The i'm Watch is a smartwatch developed by Italian company i'm S.p.A. It was conceptualized by Manuel Zanella and Massimiliano Bertolini in early 2011, with funding provided by H-Invest and then released in the middle of 2012. The i'm Watch can receive calls, texts and notifications from social media accounts, provide news and weather reports, control music, view and save photos, and create appointments.

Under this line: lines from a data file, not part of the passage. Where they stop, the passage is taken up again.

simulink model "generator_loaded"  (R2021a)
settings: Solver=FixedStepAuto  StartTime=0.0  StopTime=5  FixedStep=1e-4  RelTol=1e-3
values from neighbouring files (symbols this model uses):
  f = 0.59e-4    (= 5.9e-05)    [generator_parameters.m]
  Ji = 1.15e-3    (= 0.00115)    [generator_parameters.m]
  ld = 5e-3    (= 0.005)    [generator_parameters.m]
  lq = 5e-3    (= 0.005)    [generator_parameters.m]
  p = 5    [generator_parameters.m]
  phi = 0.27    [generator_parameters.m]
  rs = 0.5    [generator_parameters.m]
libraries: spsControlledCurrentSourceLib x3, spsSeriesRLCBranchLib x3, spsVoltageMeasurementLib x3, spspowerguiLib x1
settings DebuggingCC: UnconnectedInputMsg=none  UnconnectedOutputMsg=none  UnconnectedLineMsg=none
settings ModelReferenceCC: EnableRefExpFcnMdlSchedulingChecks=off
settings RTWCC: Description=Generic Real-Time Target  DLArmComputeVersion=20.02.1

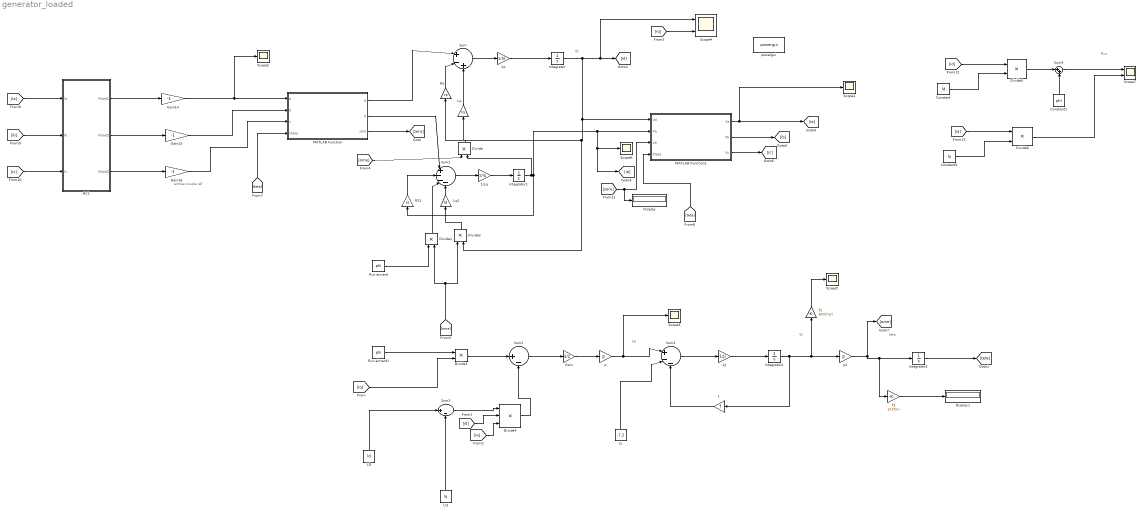
== system generator_loaded ==
  note: flux
  note: W
  note: ID
  note: entrée couple réf
  note: Ce
  note: teta
  1/L : Gain  Gain=1/ld
  1/Lq : Gain  Gain=1/lq
  1/j : Gain  Gain=1/Ji
  Constant : Constant  Value=ld
  Constant1 : Constant  Value=phi
  Constant2 : Constant  Value=lq
  Cr : Constant  Value=-7.2
  Display : Display
  Display1 : Display
  Divide{,1..3,5..6} (6 alike) : Product  Inputs=**
  Divide4 : Product  Inputs=***
  Gain : Gain  Gain=3/2
  Gain14 : Gain  Gain=-1
  Gain15 : Gain  Gain=-1
  Gain16 : Gain  Gain=-1
  Integrator : Integrator  InitialCondition=0.00001
  Integrator1 : Integrator
  Integrator2 : Integrator  InitialCondition=0.00001
  Integrator3 : Integrator
  LD : Constant  Value=ld
  LQ : Constant  Value=lq
  Lq : Gain  Gain=lq
  Lq1 : Gain  Gain=ld
  MATLAB Function : MATLAB Function  TreatAsAtomicUnit=on
  MATLAB Function1 : MATLAB Function  TreatAsAtomicUnit=on
  RC1 : Subsystem
  RS : Gain  Gain=rs
  RS1 : Gain  Gain=rs
  Scope{1..3,5..6} (5 alike) : Scope
  Scope4 : Scope  NumInputPorts=2
  Scope7 : Scope  NumInputPorts=2
  Sum : Sum  Inputs=|+-+
  Sum1 : Sum  Inputs=|+---
  Sum2 : Sum  Inputs=|+-
  Sum3 : Sum  Inputs=|+-
  Sum4 : Sum  Inputs=|+--
  Sum5 : Sum  Inputs=|++
  f : Gain  Gain=f
  f1 : Gain  Gain=60/(2*pi)
  f2 : Gain  Gain=1/(2*pi)
  flux aiment : Constant  Value=phi
  flux aiment1 : Constant  Value=phi
  p : Gain  Gain=p
  p1 : Gain  Gain=p
  powergui : spspowerguiLib/powergui  Priority=1  SimulationMode=Continuous  SampleTime=50e-6  frequency=60  Iterations=50  frequencyindice=0  Pbase=100e6  ErrMax=1e-4  UnitsV=kV  UnitsW=MW  buscounter=0  FunctionMessages=off  echomessages=off  EnableUseOfTLC=off  CurrentSourceSwitches=off  DisableSnubberDevices=off  DisableRonSwitches=off  DisableVfSwitches=off  DisplayEquations=off  AutomaticDiscreteSolvers=off  SolverType=Tustin/Backward Euler (TBE)  Interpol=off  ExternalGateDelay=off  methode=off  Ts=100  x0status=blocks  SPID=on  SwTol=0  HookPort=off  NonlinearTolerance=1e-4  nMaxIteration=100  ContinueOnMaxIteration=off  RestoreLinks=warning  ResistiveCurrentMeasurement=off  Frange=[0:2:500]  Ylog=off  Xlog=on  ShowGrid=off  save=off  variable=ZData  structure=0  ZoomFFT=off  StartTime=0.0  cycles=1  DisplayStyle=1  fundamental=60  FreqAxis=off  MaxFrequency=1000  frequencyindicesteady=1  RmsSteady=1  display=off
  wires:
  RC1/1(Vload1) -> Gain14/1
  RC1/2(Vload2) -> Gain15/1
  RC1/3(Vload3) -> Gain16/1
  Gain14/1 -> Scope2/1, MATLAB Function/1(a)
  Gain15/1 -> MATLAB Function/2(b)
  Gain16/1 -> MATLAB Function/3(c)
  MATLAB Function/1(d) -> Sum/1
  RS/1 -> Sum/2
  Lq/1 -> Sum/3
  Sum/1 -> 1/L/1
  Integrator/1 -> Scope4/1, [id], MATLAB Function1/1(Vd), Divide2/2, RS/1
  MATLAB Function/2(q) -> Sum1/1
  RS1/1 -> Sum1/2
  Sum1/1 -> 1/Lq/1
  Divide/1 -> Lq/1
  Integrator1/1 -> Divide/2, RS1/1, Scope6/1, [iq], MATLAB Function1/2(Vq)
  flux aiment/1 -> Divide1/1
  Divide1/1 -> Sum1/3
  Divide2/1 -> Lq1/1
  flux aiment1/1 -> Divide3/1
  Divide3/1 -> Sum2/1
  Sum3/1 -> Divide4/1
  [id] -> Divide4/2
  [iq] -> Divide4/3
  Divide4/1 -> Sum2/2
  Sum2/1 -> Gain/1
  Gain/1 -> p/1
  p/1 -> Scope3/1, Sum4/1
  Cr/1 -> Sum4/2
  Sum4/1 -> 1/j/1
  f/1 -> Sum4/3
  p1/1 -> f2/1, Integrator3/1, [ome]
  MATLAB Function1/1(Va) -> Scope1/1, [ia]
  MATLAB Function1/2(Vb) -> [ib]
  MATLAB Function1/3(Vc) -> [ic]
  [ia] -> RC1/1(Ia)
  [ib] -> RC1/2(Ib)
  [ic] -> RC1/3(Ic)
  MATLAB Function/3(zero) -> [zero]
  [zero] -> Display/1, MATLAB Function1/3(V0)
  1/Lq/1 -> Integrator1/1
  1/j/1 -> Integrator2/1
  1/L/1 -> Integrator/1
  [teta] -> MATLAB Function1/4(theta)
  [ome] -> Divide/1
  [ome] -> Divide2/1, Divide1/2
  [teta] -> MATLAB Function/4(theta)
  [iq] -> Divide3/2
  LD/1 -> Sum3/1
  LQ/1 -> Sum3/2
  Integrator3/1 -> [teta]
  Lq1/1 -> Sum1/4
  Integrator2/1 -> f1/1, p1/1, f/1
  f1/1 -> Scope5/1
  f2/1 -> Display1/1
  [iq] -> Scope4/2
  [id] -> Divide5/1
  Constant/1 -> Divide5/2
  Divide5/1 -> Sum5/1
  Constant1/1 -> Sum5/2
  [iq] -> Divide6/1
  Constant2/1 -> Divide6/2
  Divide6/1 -> Scope7/2
  Sum5/1 -> Scope7/1

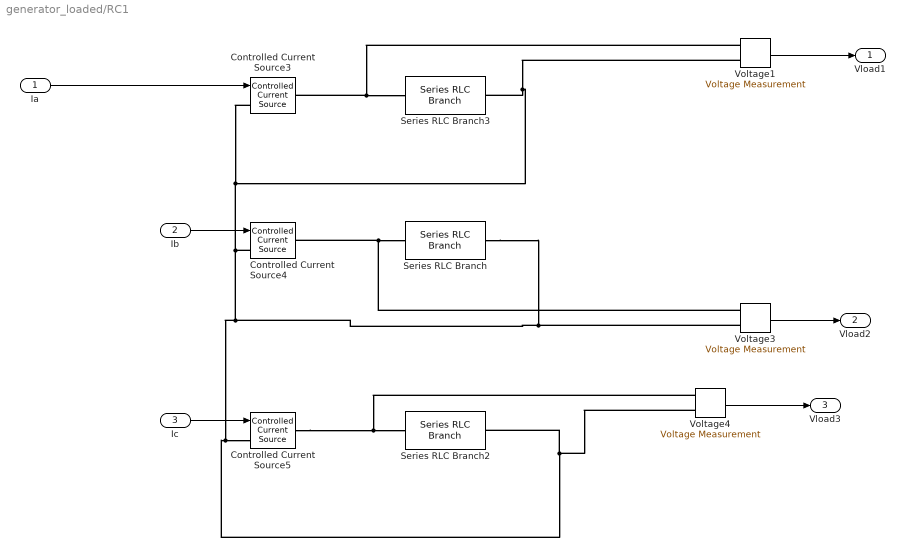
== system generator_loaded/RC1 ==
  Ia : Inport
  Ib : Inport  Port=2
  Ic : Inport  Port=3
  Controlled Current Source3 : spsControlledCurrentSourceLib/Controlled Current Source  Initialize=on  Source_Type=AC  Amplitude=0.1  Phase=0  Frequency=0  Measurements=Current
  Controlled Current Source4 : spsControlledCurrentSourceLib/Controlled Current Source  Initialize=on  Source_Type=AC  Amplitude=0.1  Phase=0  Frequency=0  Measurements=Current
  Controlled Current Source5 : spsControlledCurrentSourceLib/Controlled Current Source  Initialize=on  Source_Type=AC  Amplitude=0.1  Phase=0  Frequency=0  Measurements=Current
  Series RLC Branch : spsSeriesRLCBranchLib/Series RLC Branch  LConnTagsString=__new0  RConnTagsString=__new0  BranchType=R  Resistance=23  Inductance=1e-3  SetiL0=off  InitialCurrent=0  Capacitance=1e-6  Setx0=off  InitialVoltage=0  Measurements=None
  Series RLC Branch2 : spsSeriesRLCBranchLib/Series RLC Branch  LConnTagsString=__new0  RConnTagsString=__new0  BranchType=R  Resistance=23  Inductance=1e-3  SetiL0=off  InitialCurrent=0  Capacitance=1e-6  Setx0=off  InitialVoltage=0  Measurements=None
  Series RLC Branch3 : spsSeriesRLCBranchLib/Series RLC Branch  LConnTagsString=__new0  RConnTagsString=__new0  BranchType=R  Resistance=23  Inductance=1e-3  SetiL0=off  InitialCurrent=0  Capacitance=1e-6  Setx0=off  InitialVoltage=0  Measurements=None
  Voltage1 : spsVoltageMeasurementLib/Voltage Measurement  PhasorSimulation=off  OutputType=Complex  PSBequivalent=0
  Voltage3 : spsVoltageMeasurementLib/Voltage Measurement  PhasorSimulation=off  OutputType=Complex  PSBequivalent=0
  Voltage4 : spsVoltageMeasurementLib/Voltage Measurement  PhasorSimulation=off  OutputType=Complex  PSBequivalent=0
  Vload1 : Outport  VectorParamsAs1DForOutWhenUnconnected=off
  Vload2 : Outport  Port=2  VectorParamsAs1DForOutWhenUnconnected=off
  Vload3 : Outport  Port=3  VectorParamsAs1DForOutWhenUnconnected=off
  wires:
  Ib/1 -> Controlled Current Source4/1
  Ic/1 -> Controlled Current Source5/1
  Ia/1 -> Controlled Current Source3/1
  Voltage4/1 -> Vload3/1
  Voltage3/1 -> Vload2/1
  Voltage1/1 -> Vload1/1
  connections:
  Controlled Current Source3/RConn1 -- Voltage1/LConn1 -- Series RLC Branch3/LConn1
  Controlled Current Source5/RConn1 -- Voltage4/LConn1 -- Series RLC Branch2/LConn1
  Controlled Current Source4/LConn1 -- Series RLC Branch/RConn1 -- Voltage3/LConn2 -- Series RLC Branch2/RConn1 -- Voltage4/LConn2 -- Controlled Current Source5/LConn1 -- Controlled Current Source3/LConn1 -- Voltage1/LConn2 -- Series RLC Branch3/RConn1
  Voltage3/LConn1 -- Series RLC Branch/LConn1 -- Controlled Current Source4/RConn1

== matlab function generator_loaded/MATLAB Function1 ==
  data: Vd input; Va output; Vq input; V0 input; theta input; Vb output; Vc output
function [Va, Vb, Vc] = fcn(Vd, Vq, V0, theta)
    k = sqrt(2/3);
    homopolaire = V0 / sqrt(2); 
    Va = k * (Vd * cos(theta) - Vq * sin(theta) + homopolaire);
    Vb = k * (Vd * cos(theta - 2*pi/3) - Vq * sin(theta - 2*pi/3) + homopolaire);
    Vc = k * (Vd * cos(theta + 2*pi/3) - Vq * sin(theta + 2*pi/3) + homopolaire);
end

== matlab function generator_loaded/MATLAB Function ==
  data: a input; d output; b input; c input; theta input; q output; zero output
function [d, q, zero] = fcn(a, b, c, theta)

    d = sqrt(2/3) * (a*cos(theta) + b*cos(theta - 2*pi/3) + c*cos(theta + 2*pi/3));
    q = sqrt(2/3) * (-a*sin(theta) - b*sin(theta - 2*pi/3) - c*sin(theta + 2*pi/3));
    zero = sqrt(1/3) * (a + b + c);
end
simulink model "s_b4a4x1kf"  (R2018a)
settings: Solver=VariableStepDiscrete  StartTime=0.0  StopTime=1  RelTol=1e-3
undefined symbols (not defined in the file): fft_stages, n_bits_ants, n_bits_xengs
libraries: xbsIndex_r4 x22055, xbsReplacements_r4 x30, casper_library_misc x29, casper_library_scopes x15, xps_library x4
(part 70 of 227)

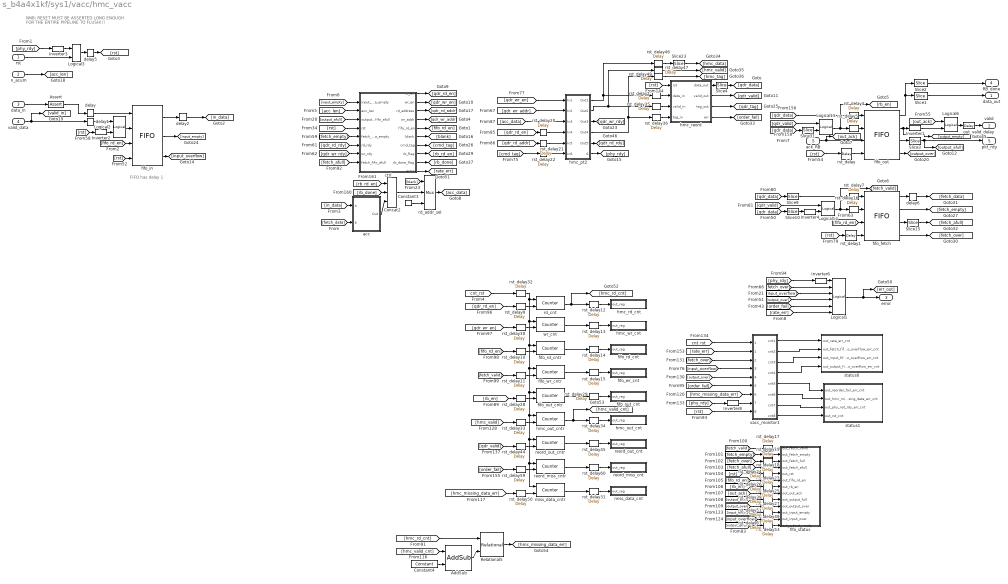
== system s_b4a4x1kf/sys1/vacc/hmc_vacc ==
  note: NNB:
      | RESET MUST BE ASSERTED LONG ENOUGH
      | FOR THE ENTIRE PIPELINE TO FLUSH!!!
  note: FIFO has delay 1
  rst : Inport
  n_acum : Inport  Port=2
  data_in : Inport  Port=3
  valid_data : Inport  Port=4
  ack_RB : Inport  Port=5
  AddSub : xbsIndex_r4/AddSub  mode=Addition  use_carryin=off  use_carryout=off  en=off  latency=1  precision=Full  arith_type=Unsigned  n_bits=16  bin_pt=14  quantization=Truncate  overflow=Wrap  use_behavioral_HDL=off  hw_selection=Fabric  pipelined=off  dbl_ovrd=off  block_type=addsub
  Assert : xbsIndex_r4/Assert  assert_type=on  type_source=Explicitly  gui_display_data_type=Fixed-point  arith_type=Unsigned  n_bits=n_bits*2^n_inputs  bin_pt=0  preci_type=Single  exp_width=8  frac_width=24  assert_rate=off  rate_source=Explicitly  period=1  output_port=on  block_type=assert
      settings: block_version=10.1.3
  Concat2 : xbsIndex_r4/Concat  num_inputs=3  dbl_ovrd=off  block_type=concat
      settings: block_version=10.1.3
  Constant3 : xbsIndex_r4/Constant  const=0  gui_display_data_type=Fixed-point  arith_type=Unsigned  n_bits=n_bits*n_inputs+2  bin_pt=0  preci_type=Single  exp_width=8  frac_width=24  explicit_period=on  period=1  equ=P=C  opselect=C  inp2=PCIN>>17  opr=+  inp1=P  carry=CIN  dbl_ovrd=off  block_type=constant
      settings: block_version=9.2.01
  Constant4 : xbsIndex_r4/Constant  const=512  gui_display_data_type=Fixed-point  arith_type=Unsigned  n_bits=10  bin_pt=0  preci_type=Single  exp_width=8  frac_width=24  explicit_period=on  period=1  equ=P=C  opselect=C  inp2=PCIN>>17  opr=+  inp1=P  carry=CIN  dbl_ovrd=off  block_type=constant
  Inverter{1..4,6} (5 alike) : xbsIndex_r4/Inverter  en=off  latency=0  dbl_ovrd=off  block_type=inv
  Inverter8 : xbsIndex_r4/Inverter  en=off  latency=2  dbl_ovrd=off  block_type=inv
  Logical1 : xbsIndex_r4/Logical  logical_function=OR  inputs=6  en=off  latency=1  precision=Full  arith_type=Unsigned  n_bits=16  bin_pt=0  align_bp=on  dbl_ovrd=off  block_type=logical
  Logical{2,6,14..15} (4 alike) : xbsIndex_r4/Logical  logical_function=AND  inputs=2  en=off  latency=0  precision=Full  arith_type=Unsigned  n_bits=16  bin_pt=0  align_bp=on  dbl_ovrd=off  block_type=logical
  Logical3 : xbsIndex_r4/Logical  logical_function=OR  inputs=2  en=off  latency=0  precision=Full  arith_type=Unsigned  n_bits=16  bin_pt=0  align_bp=on  dbl_ovrd=off  block_type=logical
  Relational5 : xbsIndex_r4/Relational  mode=a>b  op_type=Bool  en=off  latency=1  dbl_ovrd=off  block_type=relational
      settings: block_version=10.1.3
  Slice1 : xbsIndex_r4/Slice  nbits=n_bits*2^n_inputs  boolean_output=off  mode=Lower Bit Location + Width  bit1=96  base1=MSB of Input  bit0=0  base0=LSB of Input  dbl_ovrd=off  block_type=slice
      settings: block_version=9.2.01
  Slice10 : xbsIndex_r4/Slice  nbits=1  boolean_output=on  mode=Upper Bit Location + Width  bit1=0  base1=MSB of Input  bit0=-1  base0=MSB of Input  dbl_ovrd=off  block_type=slice
      settings: block_version=9.2.01
  Slice15 : xbsIndex_r4/Slice  nbits=1  boolean_output=on  mode=Upper Bit Location + Width  bit1=0  base1=MSB of Input  bit0=0  base0=LSB of Input  dbl_ovrd=off  block_type=slice
      settings: infoedit="Extracts a given range of bits from each input sample and presents it at the output.  The output type is ordinarily unsigned with binary point at zero, but can be Boolean when the slice is one bit wide.<P><P>Hardware notes: In hardware this block costs nothing."  block_version=9.2.01
  Slice2 : xbsIndex_r4/Slice  nbits=1  boolean_output=on  mode=Upper Bit Location + Width  bit1=-1  base1=MSB of Input  bit0=0  base0=LSB of Input  dbl_ovrd=off  block_type=slice
      settings: block_version=9.2.01
  Slice23 : xbsIndex_r4/Slice  nbits=(n_bits*2^n_inputs)+2  boolean_output=off  mode=Lower Bit Location + Width  bit1=96  base1=MSB of Input  bit0=0  base0=LSB of Input  dbl_ovrd=off  block_type=slice
      settings: block_version=9.2.01
  Slice3 : xbsIndex_r4/Slice  nbits=1  boolean_output=on  mode=Upper Bit Location + Width  bit1=0  base1=MSB of Input  bit0=0  base0=LSB of Input  dbl_ovrd=off  block_type=slice
      settings: infoedit="Extracts a given range of bits from each input sample and presents it at the output.  The output type is ordinarily unsigned with binary point at zero, but can be Boolean when the slice is one bit wide.<P><P>Hardware notes: In hardware this block costs nothing."  block_version=9.2.01
  Slice31 : xbsIndex_r4/Slice  nbits=1  boolean_output=on  mode=Upper Bit Location + Width  bit1=0  base1=MSB of Input  bit0=-1  base0=MSB of Input  dbl_ovrd=off  block_type=slice
      settings: block_version=9.2.01
  Slice4 : xbsIndex_r4/Slice  nbits=(n_bits*2^n_inputs)+2  boolean_output=off  mode=Lower Bit Location + Width  bit1=96  base1=MSB of Input  bit0=0  base0=LSB of Input  dbl_ovrd=off  block_type=slice
      settings: block_version=9.2.01
  Slice9 : xbsIndex_r4/Slice  nbits=(n_bits*2^n_inputs)  boolean_output=off  mode=Lower Bit Location + Width  bit1=96  base1=MSB of Input  bit0=0  base0=LSB of Input  dbl_ovrd=off  block_type=slice
      settings: block_version=9.2.01
  acc : Subsystem  mask{n_inputs=2^n_inputs, n_bits=n_bits}
      mask prompts: n_inputs "Simultaneous inputs"; n_bits "Data width"
  ctrl : Subsystem  mask{delay_fifo=2, delay_adder=2}
      mask help: QDR delay must be odd (9 is ok, 11 is ok, 10 is not).
  delay{,1..2,5..6} (5 alike) : xbsIndex_r4/Delay  rst=off  infoeditControl=Selection of Reset will increase slice count due to use of real FFs and instead of SRLs  en=off  latency=1  reg_retiming=off  dbl_ovrd=off  block_type=delay
  fifo_fetch : xbsIndex_r4/FIFO  mem_type=Block RAM  performance_options=Standard_FIFO  embedded_registers=off  depth=1K  percent_nbits=1  rst=on  rst_latency=1  en=off  use_dcount=off  use_percent_full_port=on  use_almost_empty=off  almost_empty_thresh=2  use_almost_full=off  use_rd_rst_busy=off  use_wr_rst_busy=off  almost_full_thresh=14  explicit_period=off  dbl_ovrd=off  block_type=fifo
      settings: block_version=10.1.3
  fifo_in : xbsIndex_r4/FIFO  mem_type=Block RAM  performance_options=Standard_FIFO  embedded_registers=off  depth=1K  percent_nbits=1  rst=on  rst_latency=1  en=off  use_dcount=off  use_percent_full_port=off  use_almost_empty=off  almost_empty_thresh=2  use_almost_full=off  use_rd_rst_busy=off  use_wr_rst_busy=off  almost_full_thresh=14  explicit_period=off  dbl_ovrd=off  block_type=fifo
      settings: block_version=10.1.3
  fifo_out : xbsIndex_r4/FIFO  mem_type=Block RAM  performance_options=Standard_FIFO  embedded_registers=off  depth=1K  percent_nbits=1  rst=on  rst_latency=1  en=off  use_dcount=off  use_percent_full_port=on  use_almost_empty=off  almost_empty_thresh=2  use_almost_full=off  use_rd_rst_busy=off  use_wr_rst_busy=off  almost_full_thresh=14  explicit_period=off  dbl_ovrd=off  block_type=fifo
      settings: block_version=10.1.3
  fifo_out_cnt : Subsystem  Tag=xps:sw_reg  AncestorBlock=xps_library/Memory/software_register  mask(swreg){io_dir=To Processor, io_delay=0, init_val=0, sample_period=1, names=reg, bitwidths=32, bin_pts=0, arith_types=0, sim_port=off, show_format=on}
      mask prompts: io_dir "I/O direction"; io_delay "I/O delay"; init_val "Initial Value"; sample_period "Sample period"; names "Bitfield names [msb...lsb]"; bitwidths "Bitfield widths"; bin_pts "Bitfield binary pts"; arith_types "Bitfield types, ufix=0, fix=1, bool=2"; sim_port "Provide sim input/output?"; show_format "Print format string?"
      mask help: A 32-bit software-accessible register. Can be divided into bitfields of varying widths and types using the fields in the block mask.
      mask init:
      | swreg_init(gcb)
      settings: AttributesFormatString=1output:uf32.0 = 32 bits
      mask TypeOptions io_dir: To Processor | From Processor
      mask Callback io_dir:
      | mask_enables = get_param(gcb, 'MaskEnables');
      | mask_names = get_param(gcb, 'MaskNames');
      | if strcmp(get_param(gcb, 'io_dir'), 'To Processor'),
      |     mask_enables{ismember(mask_names, 'sample_period')} = 'off';
      | else
      |     mask_enables{ismember(mask_names, 'sample_period')} = 'on';
      | end
      | set_param(gcb, 'MaskEnables', mask_enables);
      mask DialogControl ParameterTabVar0 Prompt: Setup
  fifo_out_cntr : xbsIndex_r4/Counter  cnt_type=Free Running  cnt_to=vector_len-1  operation=Up  start_count=0  cnt_by_val=1  arith_type=Unsigned  n_bits=32  bin_pt=0  load_pin=off  rst=on  en=on  explicit_period=on  period=1  use_behavioral_HDL=off  implementation=Fabric  use_rpm=off  dbl_ovrd=off  block_type=counter
  fifo_rd_cnt : Subsystem  Tag=xps:sw_reg  AncestorBlock=xps_library/Memory/software_register  mask(swreg){io_dir=To Processor, io_delay=0, init_val=0, sample_period=1, names=reg, bitwidths=32, bin_pts=0, arith_types=0, sim_port=off, show_format=on}
      mask prompts: io_dir "I/O direction"; io_delay "I/O delay"; init_val "Initial Value"; sample_period "Sample period"; names "Bitfield names [msb...lsb]"; bitwidths "Bitfield widths"; bin_pts "Bitfield binary pts"; arith_types "Bitfield types, ufix=0, fix=1, bool=2"; sim_port "Provide sim input/output?"; show_format "Print format string?"
      mask help: A 32-bit software-accessible register. Can be divided into bitfields of varying widths and types using the fields in the block mask.
      mask init:
      | swreg_init(gcb)
      settings: AttributesFormatString=1output:uf32.0 = 32 bits
      mask TypeOptions io_dir: To Processor | From Processor
      mask Callback io_dir:
      | mask_enables = get_param(gcb, 'MaskEnables');
      | mask_names = get_param(gcb, 'MaskNames');
      | if strcmp(get_param(gcb, 'io_dir'), 'To Processor'),
      |     mask_enables{ismember(mask_names, 'sample_period')} = 'off';
      | else
      |     mask_enables{ismember(mask_names, 'sample_period')} = 'on';
      | end
      | set_param(gcb, 'MaskEnables', mask_enables);
      mask DialogControl ParameterTabVar0 Prompt: Setup
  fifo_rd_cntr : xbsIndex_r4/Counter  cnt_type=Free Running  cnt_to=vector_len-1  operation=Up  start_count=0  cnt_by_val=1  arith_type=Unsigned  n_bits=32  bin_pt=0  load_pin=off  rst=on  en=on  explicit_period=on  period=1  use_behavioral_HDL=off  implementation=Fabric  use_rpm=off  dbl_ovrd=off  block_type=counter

The watch can also be paired to iOS 4 or higher, Android 4 or higher and BlackBerry 10 devices. On September 19, 2014, i'm S.p.A. announced the discontinuation of sales and its exit from the smartwatch market.

== Features ==
Utilizing a touchscreen, the i'm Watch features a 1.54-inch, color LCD screen. Sensors for the watch include an accelerometer and a magnetometer. In terms of operating system, it has its own customized version of Android 1.6 called i'm Droid 2. It also has a built-in microphone and speaker, as well as 4GB of memory space. It uses Bluetooth 2 for connectivity. For charging, a USB proprietary cable is attached to the headphone jack.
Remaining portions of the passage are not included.